21. The method of claim 18, wherein the inflammatory disease or disorder is selected from the group consisting of coronary artery disease, chronic obstructive pulmonary disease (COPD), asthma, bronchitis, inflammatory bowel disease (IBD), Alzheimer's disease, Parkinson's disease, polymyositis, dermatomyositis, inclusion body myositis (IBM), juvenile myositis, rheumatoid arthritis, osteoarthritis, amyloidosis, ankylosing spondylitis, bursitis, psoriatic arthritis, and Still's disease.

22. The method of claim 18, wherein the anti-inflammatory exosomes are administered by a route selected from the group consisting of, intravenous injection, intramuscular injection, intraarticular injection or infusion, subcutaneous inection, and intrathecal injection or infusion.

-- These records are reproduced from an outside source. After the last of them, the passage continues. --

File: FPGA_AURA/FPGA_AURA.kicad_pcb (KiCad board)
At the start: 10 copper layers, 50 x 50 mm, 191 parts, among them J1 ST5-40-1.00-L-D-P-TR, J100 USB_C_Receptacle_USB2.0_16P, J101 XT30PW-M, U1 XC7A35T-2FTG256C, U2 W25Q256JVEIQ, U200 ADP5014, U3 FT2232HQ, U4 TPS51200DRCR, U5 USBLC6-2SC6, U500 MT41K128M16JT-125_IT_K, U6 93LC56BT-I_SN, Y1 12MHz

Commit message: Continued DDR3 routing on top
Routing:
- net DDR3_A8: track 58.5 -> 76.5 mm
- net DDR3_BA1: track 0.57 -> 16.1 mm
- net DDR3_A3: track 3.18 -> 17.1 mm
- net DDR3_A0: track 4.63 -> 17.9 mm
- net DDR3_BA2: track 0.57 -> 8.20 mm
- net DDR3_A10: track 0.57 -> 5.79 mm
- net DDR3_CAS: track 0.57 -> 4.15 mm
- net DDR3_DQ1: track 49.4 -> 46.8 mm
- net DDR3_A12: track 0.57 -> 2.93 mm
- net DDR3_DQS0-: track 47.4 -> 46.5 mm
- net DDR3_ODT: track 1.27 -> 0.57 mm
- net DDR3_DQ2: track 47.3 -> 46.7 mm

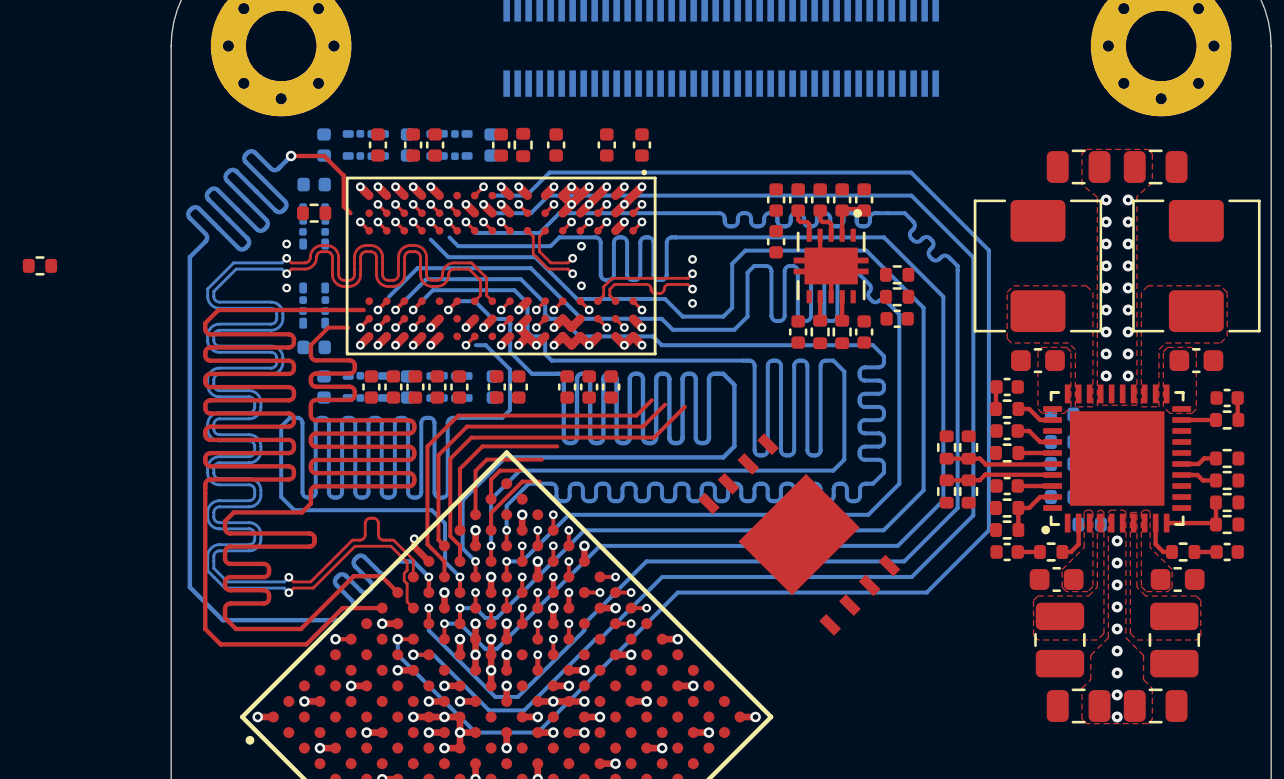
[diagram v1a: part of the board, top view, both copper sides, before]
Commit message: Continued DDR3 routing.
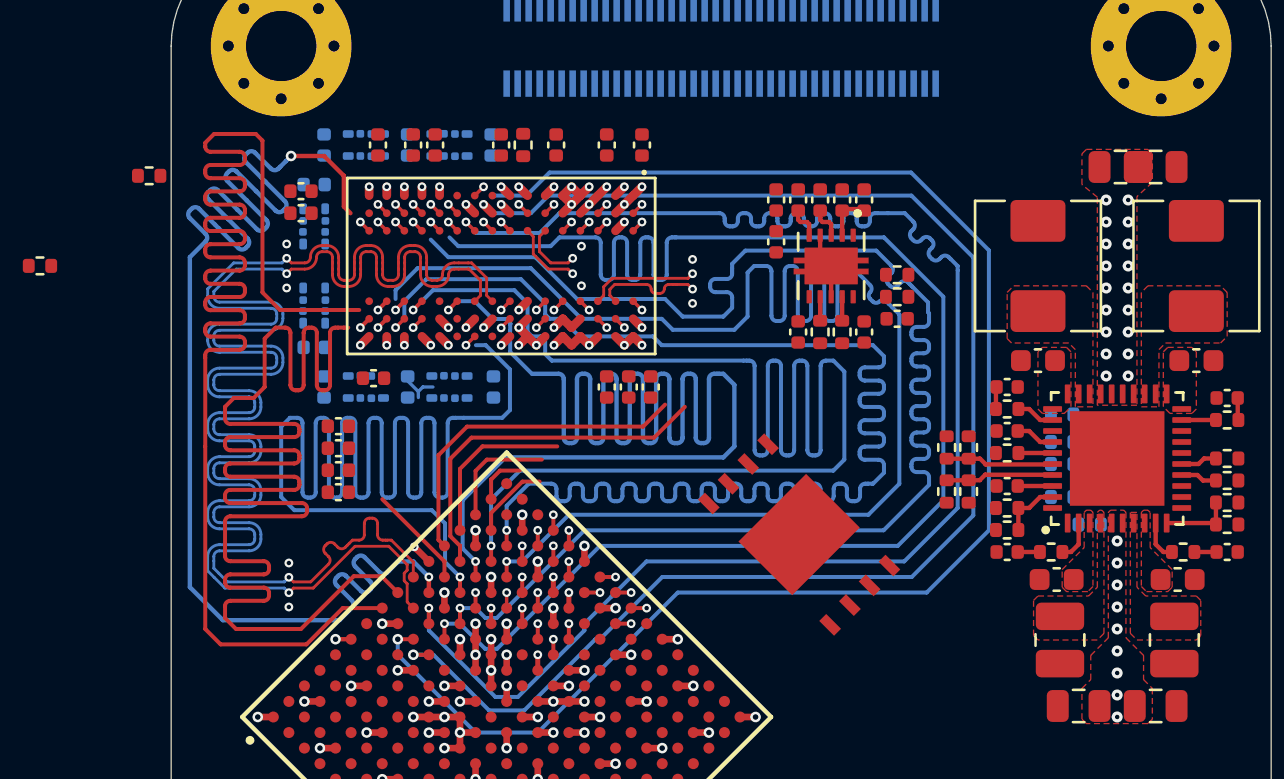
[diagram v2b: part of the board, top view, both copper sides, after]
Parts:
- moved C517 9.46 mm to (105.9, 61.6), turned to 180 degrees
- moved C512 8.95 mm to (105.9, 62.6), turned to 180 degrees
- moved C513 8.64 mm to (107.6, 75.3), turned to 180 degrees
- moved R524 7.69 mm to (99.0, 60.9)
- moved C511 6.68 mm to (107.6, 74.3), turned to 0 degrees
- moved C516 6.61 mm to (109.2, 70.1), turned to 180 degrees
- moved C510 5.29 mm to (107.6, 73.3), turned to 180 degrees
- moved C522 3.93 mm to (107.6, 72.3), turned to 180 degrees
- moved C206 1.90 mm to (143.2, 60.5)
- moved C514 1.80 mm to (121.8, 70.5)
- moved C519 1.80 mm to (120.8, 70.5)
- moved C523 1.80 mm to (119.8, 70.5)
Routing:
- net DDR3_A0: track 17.9 -> 5.27 mm
- net DDR3_A13: track 60.6 -> 70.4 mm
- net DDR3_A11: track 76.6 -> 71.4 mm
- net DDR3_A8: track 76.5 -> 71.4 mm
- net DDR3_RAS: track 70.1 -> 71.1 mm
- net GND: track 51.5 -> 52.4 mm, vias 87 -> 89
- net DDR3_CK-: track 71.6 -> 72.5 mm

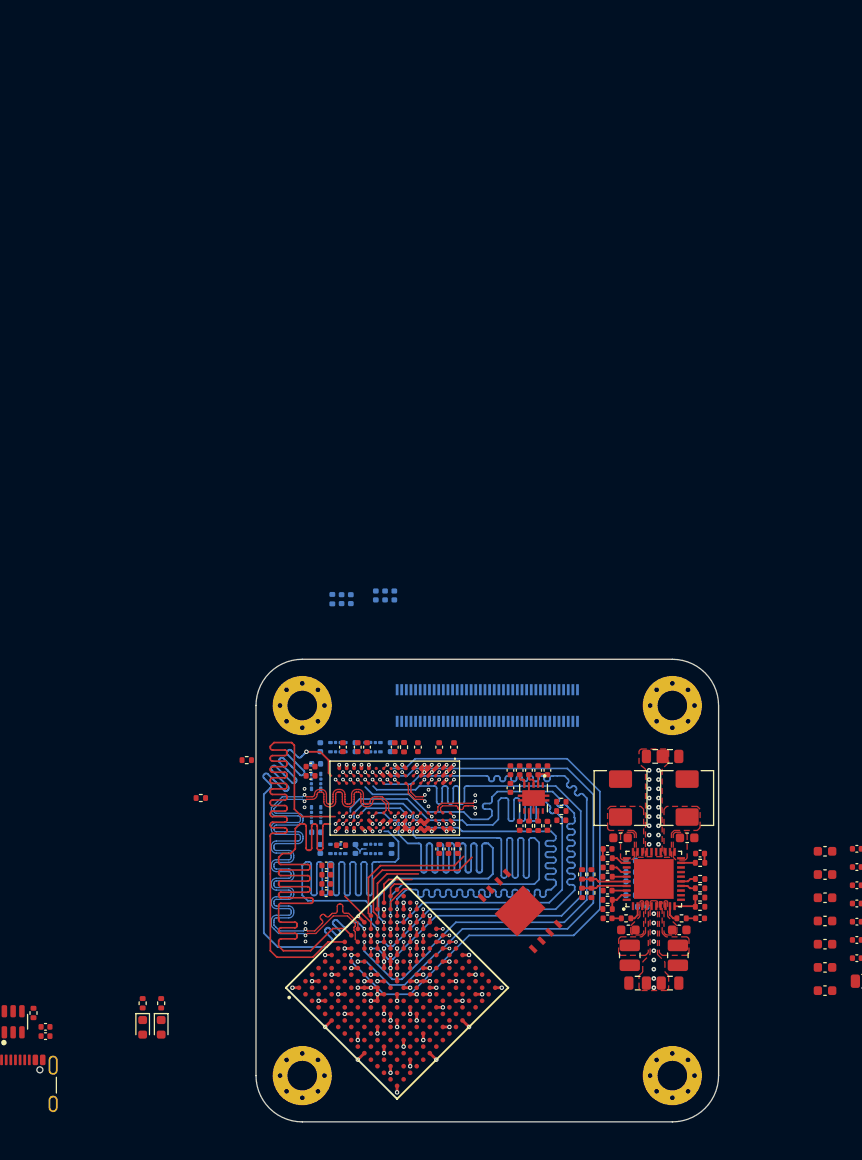
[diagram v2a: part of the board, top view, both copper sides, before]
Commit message: All DDR3 traces broken out, next stage is delay matching, and verifying break out through Vivado
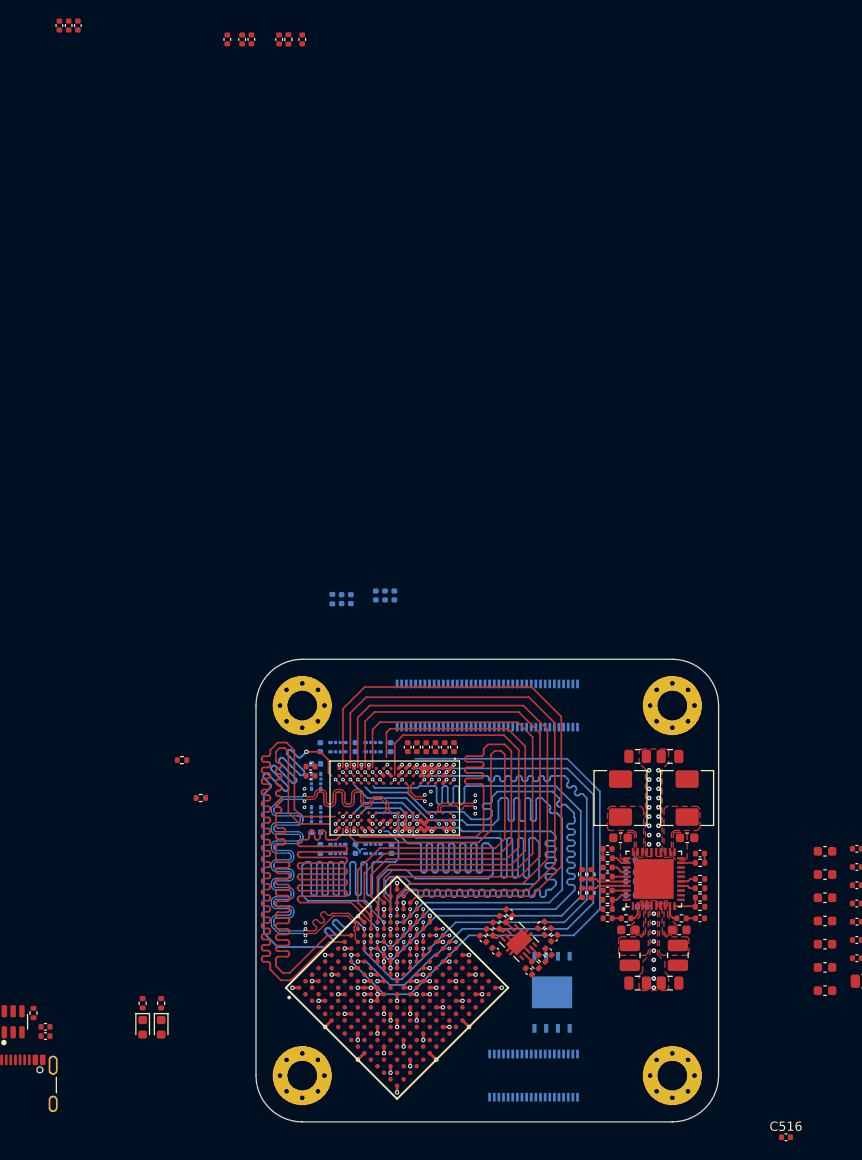
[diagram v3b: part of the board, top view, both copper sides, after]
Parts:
- added J2: SS5-20-3.00-X-D-K-XX, SS5-20-3.00-X-D-K-XX:SAMTEC_SS5-20-3.00-X-D-K-XX, B.Cu at (130.0, 95.0)
- J1: value ST5-40-1.00-L-D-P-TR -> SS5-40-3.00-X-D-K-XX; footprint ST5-40-1.00-L-D-P-TR:ST5-40-1.00-L-D-P-TR -> SS5-40-3.00-X-D-K-XX:SAMTEC_SS5-40-3.00-X-D-K-XX
- U2: moved to B.Cu
- moved C514 98.0 mm to (80.8, -18.5)
- moved C519 98.0 mm to (79.8, -18.5)
- moved C523 98.0 mm to (78.8, -18.5)
- moved C525 77.5 mm to (102.5, -17.0)
- moved C526 77.5 mm to (96.9, -17.0)
- moved C527 77.5 mm to (98.5, -17.0)
- moved C528 77.5 mm to (105.0, -17.0)
- moved C530 77.5 mm to (99.5, -17.0)
- moved R525 77.5 mm to (103.5, -17.0)
- moved C516 57.5 mm to (157.3, 101.7), turned to 0 degrees
- moved C513 19.7 mm to (119.4, 59.5), turned to 90 degrees
- moved C222 18.4 mm to (124.5, 80.2), turned to 135 degrees
- moved C219 17.8 mm to (125.3, 79.5), turned to 135 degrees
- moved C511 17.7 mm to (117.4, 59.5), turned to -90 degrees
- moved C508 17.7 mm to (125.9, 81.5), turned to -45 degrees
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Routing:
- net DDR3_A0: track 5.27 -> 76.6 mm
- net DDR3_ODT: track 0.57 -> 67.0 mm
- net DDR3_A1: track 0.57 -> 63.4 mm
- net DDR3_CS: track 0.57 -> 60.7 mm
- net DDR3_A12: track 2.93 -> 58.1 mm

23. The method of claim 18, wherein the inflammatory disease or disorder is pulmonary, and the method comprises administering the anti-inflammatory exosomes as an inhaled mist or aerosol.

24. The method of claim 18, wherein the subject is a mammal selected from the group consisting of a human, a canine, a porcine, a feline and an equine.

25. The method of claim 18, wherein the anti-inflammatory exosomes are administered systemically, in an amount ranging from about 1.510.sup.10 to about 1.510.sup.13 exosome particles per kilogram of total body weight.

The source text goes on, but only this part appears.